Nanobodies made in llamas and alpacas in order to fight covid
The 'Science' journal publishes a study on the use of these camelids to create molecules that inactivate the infective capacity of the virus
The start of vaccination campaigns against covid-19 in many countries suggests that, within a reasonable interval of time, infection curves will begin to fall significantly. Even so, there are several factors that indicate that alternative medical strategies are needed. On the one hand, according to epidemiologists, SARS-CoV-2 is here to stay, which means that it is likely to become a seasonal virus that will have to be fought locally from time to time. On the other hand, a large part of the world's population still does not have access to vaccines and may not have access to them for some time to come, which means that, in order to reactivate the world economy, it will be necessary to have drugs available to treat travelers who become infected in a timely manner.

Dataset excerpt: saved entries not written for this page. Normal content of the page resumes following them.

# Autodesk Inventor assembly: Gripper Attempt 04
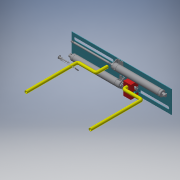
[picture p0: Inventor's stored thumbnail of the model, 180x180]
Saved by Autodesk Inventor 2016 (Build 200138000, 138)
## iProperties
Created: 2015-06-19
Part Number: Gripper Attempt 04
Document SubType Name: Assembly
Designer: steele
Mass: 1782.14 g
Surface Area: 5525.09 cm^2
Volume: 900.724 cm^3
Density: 1.97857 g/cm^3
Author: steele
## Documents named in this file (9)
- C:\snobotics\CAD-Development\robSteele\SnoBoticsSummer2015\Gripper\Gripper Attempt 04.iam
- C:\snobotics\CAD-MfgResources\McMaster-Carr\Air Cylinder\Pivot Mount Cylinders\Foot Bracket for 1_25 and 1_50 Bore\6498K340.ipt
- C:\snobotics\CAD-Development\robSteele\SnoBoticsSummer2015\Gripper\6498K681.ipt
- C:\snobotics\CAD-Development\robSteele\ipartComponents\Plate for Gripper.ipt
- C:\snobotics\CAD-Development\robSteele\ipartComponents\Plate for Gripper\Plate for Gripper 6 x 27 x 1_8.ipt
- C:\snobotics\CAD-Development\robSteele\SnoBoticsSummer2015\Gripper\Support For Arms.ipt
- C:\snobotics\CAD-Development\robSteele\SnoBoticsSummer2015\Gripper\Support Overlay on Gripper Side.ipt
- C:\snobotics\CAD-Development\robSteele\ipartComponents\ABS Arm.ipt
- C:\snobotics\CAD-MfgResources\McMaster-Carr\Quick Release Pin\94748A227.ipt
## Components (11 placed, 7 different names)
1. Plate for Gripper 6 x 27 x 1_8:1 — Mate:1, Flush:1, Flush:2, Mate:2, Flush:3, Flush:4, Mate:9
2. 6498K340:1 — Mate:2, Flush:3, Flush:4, Mate:7
3. 6498K340:2 — Mate:1, Flush:1, Flush:2, Mate:8
4. 6498K681:1 — Mate:7
5. 6498K681:2 — Mate:8, Insert:3
6. Support For Arms:1 — Mate:9, Insert:3, Mate:10, Flush:10, Flush:13, Mate:12
7. Support Overlay on Gripper Side:1 — Mate:10, Flush:10, Flush:13, Mate:12, Insert:4, Insert:5
8. ABS Arm:1 — Insert:4
9. ABS Arm:2
10. 94748A227:1 — Insert:5
11. 94748A227:2
## Relationships (16: Mate 7, Flush 6, Insert 3)
- Mate:1: Plate for Gripper 6 x 27 x 1_8:1 ↔ 6498K340:2
- Flush:1: Plate for Gripper 6 x 27 x 1_8:1 ↔ 6498K340:2
- Flush:2 (330.2 mm): Plate for Gripper 6 x 27 x 1_8:1 ↔ 6498K340:2
- Mate:2: Plate for Gripper 6 x 27 x 1_8:1 ↔ 6498K340:1
- Flush:3: Plate for Gripper 6 x 27 x 1_8:1 ↔ 6498K340:1
- Flush:4 (330.2 mm): Plate for Gripper 6 x 27 x 1_8:1 ↔ 6498K340:1
- Mate:7: 6498K340:1 ↔ 6498K681:1
- Mate:8: 6498K340:2 ↔ 6498K681:2
- Mate:9: Plate for Gripper 6 x 27 x 1_8:1 ↔ Support For Arms:1
- Insert:3: 6498K681:2 ↔ Support For Arms:1
- Mate:10: Support For Arms:1 ↔ Support Overlay on Gripper Side:1
- Flush:10: Support For Arms:1 ↔ Support Overlay on Gripper Side:1
- Flush:13: Support For Arms:1 ↔ Support Overlay on Gripper Side:1
- Mate:12: Support For Arms:1 ↔ Support Overlay on Gripper Side:1
- Insert:4 (-50.8 mm): Support Overlay on Gripper Side:1 ↔ ABS Arm:1
- Insert:5: Support Overlay on Gripper Side:1 ↔ 94748A227:1
## Named parameters: offsetToFrontOfAirCylinder = 330.2 mm
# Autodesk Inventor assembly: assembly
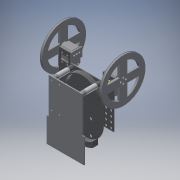
[picture p0: Inventor's stored thumbnail of the model, 180x180]
Saved by Autodesk Inventor 2016 (Build 200138000, 138)
## iProperties
Created: 2016-02-22
Part Number: assembly
Document SubType Name: Assembly
Designer: mkepler
Author: mkepler
## Documents named in this file (8)
- C:\Users\mkepler\Google Drive\Michael Kepler\College\ECE\ECE 590\Project 1\CAD files\assembly.iam
- C:\Users\mkepler\Google Drive\Michael Kepler\College\ECE\ECE 590\Project 1\CAD files\BaseChassis.ipt
- C:\Users\mkepler\Google Drive\Michael Kepler\College\ECE\ECE 590\Project 1\CAD files\Peg.ipt
- C:\Users\mkepler\Google Drive\Michael Kepler\College\ECE\ECE 590\Project 1\CAD files\TopChassis.ipt
- C:\Users\mkepler\Google Drive\Michael Kepler\College\ECE\ECE 492(3) Senior Design Project\ASL Robot Parts\Hand Final Design\xl-320 servo.ipt
- C:\Users\mkepler\Google Drive\Michael Kepler\College\ECE\ECE 590\Project 1\brace.ipt
- C:\Users\mkepler\Google Drive\Michael Kepler\College\ECE\ECE 590\Project 1\xl-320 servo.ipt
- C:\Users\mkepler\Google Drive\Michael Kepler\College\ECE\ECE 590\Project 1\CAD files\wheel.ipt
## Components (10 placed, 6 different names)
1. BaseChassis:1 — Insert:3, Mate:1, Mate:2, Insert:4, Mate:3, Insert:7, Insert:8
2. Peg:1 — Insert:3, Insert:6
3. Peg:2 — Mate:2, Mate:3, Insert:5
4. Peg:3 — Mate:1, Insert:4
5. TopChassis:1 — Insert:5, Insert:6
6. xl-320 servo:1 — Insert:9, Mate:4, Insert:12, Insert:14
7. brace:1 — Insert:7, Insert:8, Insert:9, Mate:4, Insert:10, Insert:11
8. xl-320 servo:2 — Insert:10, Insert:11, Insert:13, Insert:15
9. wheel:1 — Insert:12, Insert:14
10. wheel:2 — Insert:13, Insert:15
## Relationships (17: Insert 13, Mate 4)
- Insert:3: BaseChassis:1 ↔ Peg:1
- Mate:1: BaseChassis:1 ↔ Peg:3
- Mate:2: BaseChassis:1 ↔ Peg:2
- Insert:4: BaseChassis:1 ↔ Peg:3
- Mate:3: BaseChassis:1 ↔ Peg:2
- Insert:5: Peg:2 ↔ TopChassis:1
- Insert:6: Peg:1 ↔ TopChassis:1
- Insert:7: BaseChassis:1 ↔ brace:1
- Insert:8: BaseChassis:1 ↔ brace:1
- Insert:9: xl-320 servo:1 ↔ brace:1
- Mate:4: xl-320 servo:1 ↔ brace:1
- Insert:10: brace:1 ↔ xl-320 servo:2
- Insert:11: brace:1 ↔ xl-320 servo:2
- Insert:12: xl-320 servo:1 ↔ wheel:1
- Insert:13: xl-320 servo:2 ↔ wheel:2
- Insert:14: xl-320 servo:1 ↔ wheel:1
- Insert:15: xl-320 servo:2 ↔ wheel:2
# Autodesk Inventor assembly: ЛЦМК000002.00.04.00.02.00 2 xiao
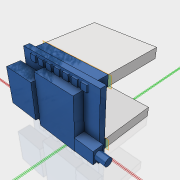
[picture p0: Inventor's stored thumbnail of the model, 180x180]
Saved by Autodesk Inventor 2021.2 (Build 252289000, 289)
## iProperties
Created: 2025-10-22
Part Number: ЛЦМК000002.00.04.00.02.00 2 xiao
Document SubType Name: Assembly
Designer: Захаров
Author: Захаров
## Documents named in this file (4)
- C:\Users\User\Documents\CaseARHead1\ЛЦМК000002.00.04.00.02.00 2 xiao.iam
- C:\Users\User\Documents\CaseARHead1\ЛЦМК.00002.00.00.00.00.01.ipt
- C:\Users\User\Documents\CaseARHead1\ЛЦМК0000002.00.00.00.00.03.ipt
- C:\Users\User\Documents\CaseARHead1\ЛЦМК.00002.00.00.00.00.21 Контакты.ipt
## Components (5 placed, 3 different names)
1. ЛЦМК.00002.00.00.00.00.01:1 — Совмещение:2, Заподлицо:3, Заподлицо:4, Заподлицо:7, Заподлицо:8, Заподлицо:9
2. ЛЦМК0000002.00.00.00.00.03:1 — Совмещение:1, Заподлицо:1, Заподлицо:2, Совмещение:2, Заподлицо:3, Заподлицо:4
3. ЛЦМК.00002.00.00.00.00.01:2 — Совмещение:1, Заподлицо:1, Заподлицо:2, Заподлицо:5, Заподлицо:6
4. ЛЦМК.00002.00.00.00.00.21 Контакты:1 — Заподлицо:5, Заподлицо:6
5. ЛЦМК.00002.00.00.00.00.21 Контакты:2 — Заподлицо:7, Заподлицо:8, Заподлицо:9
## Relationships (11: Flush 9, Mate 2)
- Совмещение:1 [Mate]: ЛЦМК0000002.00.00.00.00.03:1 ↔ ЛЦМК.00002.00.00.00.00.01:2
- Заподлицо:1 [Flush]: ЛЦМК0000002.00.00.00.00.03:1 ↔ ЛЦМК.00002.00.00.00.00.01:2
- Заподлицо:2 [Flush] (2 mm): ЛЦМК0000002.00.00.00.00.03:1 ↔ ЛЦМК.00002.00.00.00.00.01:2
- Совмещение:2 [Mate]: ЛЦМК.00002.00.00.00.00.01:1 ↔ ЛЦМК0000002.00.00.00.00.03:1
- Заподлицо:3 [Flush]: ЛЦМК.00002.00.00.00.00.01:1 ↔ ЛЦМК0000002.00.00.00.00.03:1
- Заподлицо:4 [Flush] (2 mm): ЛЦМК.00002.00.00.00.00.01:1 ↔ ЛЦМК0000002.00.00.00.00.03:1
- Заподлицо:5 [Flush]: ЛЦМК.00002.00.00.00.00.01:2 ↔ ЛЦМК.00002.00.00.00.00.21 Контакты:1
- Заподлицо:6 [Flush]: ЛЦМК.00002.00.00.00.00.01:2 ↔ ЛЦМК.00002.00.00.00.00.21 Контакты:1
- Заподлицо:7 [Flush]: ЛЦМК.00002.00.00.00.00.01:1 ↔ ЛЦМК.00002.00.00.00.00.21 Контакты:2
- Заподлицо:8 [Flush]: ЛЦМК.00002.00.00.00.00.01:1 ↔ ЛЦМК.00002.00.00.00.00.21 Контакты:2
- Заподлицо:9 [Flush]: ЛЦМК.00002.00.00.00.00.01:1 ↔ ЛЦМК.00002.00.00.00.00.21 Контакты:2

Finally, the possibility of random mutations allowing the virus to escape the protective effect of vaccines, although reasonably low, is not zero. For all these reasons, alternative medical strategies are needed. Paul-Albert Koening and his collaborators, some thirty scientists from various research centers in Germany, Sweden and the USA, have just presented in the Science journal the development of molecules called nanobodies that can easily inactivate the infective capacity of this virus. To obtain them, they have used animals that are rarely used in scientific research: alpacas and llamas.
Versatile proteins
Alpacas and llamas belong to the zoological group of camelids, along with dromedaries, camels and vicuñas. Like all mammals, they have a complex immune system that allows them to defend themselves against viruses and bacteria. However, they have a special feature: unlike our own, they generate proteins called nanobodies that can be particularly versatile, not only to fight the coronavirus directly in infected individuals, but also to reduce the possibility of mutation, which will make vaccination campaigns more effective.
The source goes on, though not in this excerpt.